Do you use auction facilities for sale or purchase of organic animals? If so, you should be aware that facilities taking over management of the livestock (housing, feeding, bedding, etc) must be certified as organic livestock handlers. For sales where management is not assumed by the facility, the National Organic Standards do still allow for confinement of livestock for sorting, shipping, and sales, given the animal is maintained under continuous organic management, including organic feed, throughout the extent of their allowed confinement. Contact us with any questions regarding requirements for the facility you use.
It’s planting time! A reminder on Seed, Seedlings, and Planting Stock in Organic Crop Production: As the inspection season approaches, organic producers must compile complete documentation for all seeds, seedlings, and planting stock. Documentation verified during the annual inspection includes:
A Seed Table form listing all varieties of seeds, seedlings, and planting stock planned for use this year and new clients or updating clients with new land must also list all seed, seedlings, and planting stock used within the past 36 months
Receipts documenting the purchase of all seed, seedlings, or planting stock, at least one seed tag for each variety purchased
Organic certificates documenting the organic status of all annual seedlings, planting stock (if applicable), and seed (such as garlic) purchased from another organic operation (if applicable).
If treatments or inoculants are planned for use, they must be listed on the Crop Input Inventory form and approved before use.

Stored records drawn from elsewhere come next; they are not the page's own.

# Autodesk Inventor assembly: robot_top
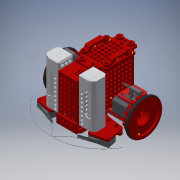
[picture p0: Inventor's stored thumbnail of the model, 180x180]
Saved by Autodesk Inventor 2016 (Build 200138000, 138)
## iProperties
Created: 2016-02-13
Part Number: robot_top
Document SubType Name: Assembly
Designer: jforce
Author: jforce
## Documents named in this file (12)
- C:\Users\jforce\Dropbox\gmu\ece590\maze-robot\robot_top.iam
- C:\Users\jforce\Dropbox\gmu\ece590\maze-robot\chassis_plate.ipt
- C:\Users\jforce\Dropbox\gmu\ece590\maze-robot\robotis_pi_box.iam
- C:\Users\jforce\Dropbox\gmu\ece590\maze-robot\r_wheel_assembly.iam
- C:\Users\jforce\Dropbox\gmu\ece590\maze-robot\l_wheel_assembly.iam
- C:\Users\jforce\Dropbox\gmu\ece590\maze-robot\opencm9_grp.iam
- C:\Users\jforce\Dropbox\gmu\ece590\maze-robot\batt.iam
- C:\Users\jforce\Dropbox\gmu\ece590\maze-robot\batt_MIR1.iam
- C:\Users\jforce\Dropbox\gmu\ece590\maze-robot\bumper.iam
- C:\Users\jforce\Dropbox\gmu\ece590\maze-robot\caster_pad.ipt
- C:\Users\jforce\Dropbox\gmu\ece590\maze-robot\bumper_wire.ipt
- C:\Users\jforce\Dropbox\gmu\ece590\maze-robot\bumper_wire_MIR.ipt
## Components (11 placed, 11 different names)
1. chassis_plate:1 — Mate:23, Mate:26, Mate:27, Mate:28, Mate:29, Mate:30, Mate:32
2. robotis_pi_box:1 [sub-assembly] — Mate:29, Mate:31, Mate:32, Mate:34, Mate:35, Mate:36, Mate:37, Mate:38, Angle:1, Symmetry:1
3. r_wheel_assembly:1 [sub-assembly] — Mate:26, Mate:27, Mate:28
4. l_wheel_assembly:1 [sub-assembly] — Mate:23, Mate:30, Mate:44
5. opencm9_grp:1 [sub-assembly] — Mate:31, Mate:37
6. batt:2 [sub-assembly] — Mate:34, Mate:35, Mate:36
7. batt_MIR1:1 [sub-assembly]
8. bumper:1 [sub-assembly] — Mate:40, Mate:41, Mate:42, Mate:43, Mate:48
9. caster_pad:1 — Mate:40, Mate:41, Mate:42, Mate:43
10. bumper_wire:1
11. bumper_wire_MIR:1
## Relationships (26: Mate 23, Angle 2, Symmetry 1)
- Mate:23: chassis_plate:1 ↔ l_wheel_assembly:1
- Mate:26: chassis_plate:1 ↔ r_wheel_assembly:1
- Mate:27: chassis_plate:1 ↔ r_wheel_assembly:1
- Mate:28: chassis_plate:1 ↔ r_wheel_assembly:1
- Mate:29: chassis_plate:1 ↔ robotis_pi_box:1
- Mate:30: chassis_plate:1 ↔ l_wheel_assembly:1
- Mate:31: robotis_pi_box:1 ↔ opencm9_grp:1
- Mate:32: chassis_plate:1 ↔ robotis_pi_box:1
- Mate:34: robotis_pi_box:1 ↔ batt:2
- Mate:35: robotis_pi_box:1 ↔ batt:2
- Mate:36: robotis_pi_box:1 ↔ batt:2
- Mate:37: robotis_pi_box:1 ↔ opencm9_grp:1
- Mate:38: robotis_pi_box:1
- Angle:1 (0 deg): robotis_pi_box:1
- Symmetry:1: robotis_pi_box:1
- Mate:40: bumper:1 ↔ caster_pad:1
- Mate:41: bumper:1 ↔ caster_pad:1
- Mate:42: bumper:1 ↔ caster_pad:1
- Mate:43: bumper:1 ↔ caster_pad:1
- Mate:44: l_wheel_assembly:1
- Mate:45
- Mate:46
- Mate:47
- Angle:3 (0 deg)
- Mate:48: bumper:1
- Mate:49
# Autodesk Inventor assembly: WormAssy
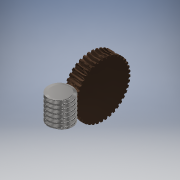
[picture p0: Inventor's stored thumbnail of the model, 180x180]
Saved by Autodesk Inventor 2019.4 (Build 234330000, 330)
## iProperties
Created: 2021-11-21
Part Number: WormAssy
Document SubType Name: Assembly
Designer: Ilija Jovanovic
Author: Ilija Jovanovic
## Documents named in this file (3)
- D:\Git\ParametricWormGear\WormAssy.iam
- D:\Git\ParametricWormGear\Worm.ipt
- D:\Git\ParametricWormGear\WormWheel.ipt
## Components (2 placed, 2 different names)
1. Worm:1 — Mate:1, Mate:2
2. WormWheel:1 — Mate:3, Mate:4, Mate:5
## Relationships (5: Mate 5)
- Mate:1: Worm:1
- Mate:2 (-15 mm): Worm:1
- Mate:3 (-7.5 mm): WormWheel:1
- Mate:4 (42.5 mm): WormWheel:1
- Mate:5 (-0.241 mm): WormWheel:1
## Named parameters: PitchDiam = 25 mm, FaceWidth = 30 mm, PitchDiamWheel = 60 mm, FaceWidthWheel = 15 mm
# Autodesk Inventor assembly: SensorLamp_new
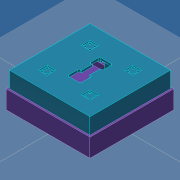
[picture p0: Inventor's stored thumbnail of the model, 180x180]
Saved by Autodesk Inventor 2016 SP2 (Build 200236200, 236)
## iProperties
Created: 2017-11-26
Part Number: SensorLamp_new
Material: Generisch
Document SubType Name: Assembly
Designer: User
Author: User
## Documents named in this file (4)
- C:\Users\User\Documents\Inventor\SensorLamp\SensorLamp_new.iam
- C:\Users\User\Documents\Inventor\SensorLamp\Sensorlamp_Base_new.ipt
- C:\Users\User\Documents\Inventor\SensorLamp\PCB_70x30.ipt
- C:\Users\User\Documents\Inventor\SensorLamp\Sensorlamp_Cover_new.ipt
## Components (3 placed, 3 different names)
1. Sensorlamp_Base_new:1 — Passend:1, Passend:3, Passend:4, Fluchtend:1, Fluchtend:2, Passend:5
2. PCB_70x30:1 — Passend:1, Passend:3, Passend:4
3. Sensorlamp_Cover_new:1 — Fluchtend:1, Fluchtend:2, Passend:5
## Relationships (6: Mate 4, Flush 2)
- Passend:1 [Mate]: Sensorlamp_Base_new:1 ↔ PCB_70x30:1
- Passend:3 [Mate]: Sensorlamp_Base_new:1 ↔ PCB_70x30:1
- Passend:4 [Mate]: Sensorlamp_Base_new:1 ↔ PCB_70x30:1
- Fluchtend:1 [Flush]: Sensorlamp_Base_new:1 ↔ Sensorlamp_Cover_new:1
- Fluchtend:2 [Flush]: Sensorlamp_Base_new:1 ↔ Sensorlamp_Cover_new:1
- Passend:5 [Mate]: Sensorlamp_Base_new:1 ↔ Sensorlamp_Cover_new:1
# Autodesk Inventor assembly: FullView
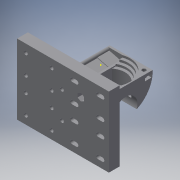
[picture p0: Inventor's stored thumbnail of the model, 180x180]
Saved by Autodesk Inventor 2019 (Build 230136000, 136)
## iProperties
Created: 2018-06-29
Part Number: FullView
Material: Ogólny
Document SubType Name: Assembly
Designer: Kamil
Author: Kamil
## Documents named in this file (4)
- D:\Git\3DPrinting\E3DExtruderHolder\FullView.iam
- D:\Git\3DPrinting\E3DExtruderHolder\ExtruderHolder.ipt
- D:\Git\3DPrinting\E3DExtruderHolder\ExtruderCooler.ipt
- D:\Git\3DPrinting\E3DExtruderHolder\ExtruderClamp.ipt
## Components (3 placed, 3 different names)
1. ExtruderCooler:1
2. ExtruderClamp:1 — Walcowe:1
3. ExtruderHolder:1 — Walcowe:1
## Relationships (1: CylindricalJoint 1)
- Walcowe:1 [CylindricalJoint]: ExtruderClamp:1 ↔ ExtruderHolder:1

If nonorganic seed or planting stock is purchased, an Organic Search form, or the catalogs that were consulted, must be available, along with untreated documentation and non-GMO verification for crops with GMO potential.
Planning for micronutrient applications this spring? Remember to have documentation showing deficiency of the nutrients you are planning to apply. Trace minerals include zinc, copper, boron, manganese, molybdenum, selenium, cobalt and iron. If you are using soil or tissue testing for documentation, some best practices to follow include:
Plan for testing with the same lab to maintain consistency.
Check your fertility product label. Are all nutrients included being tested for? If not, be sure to request testing. Some labs will not include all traces, like molybdenum and cobalt, in a standard test.
Are samples are taken from representative areas of fields where products will be used?
Soil tests should also include organic matter levels.
Talk to your inspector or contact MOSA about other forms of documentation accepted.
Remember new products need MOSA approval prior to use. We’ll always inform you of any applicable restrictions.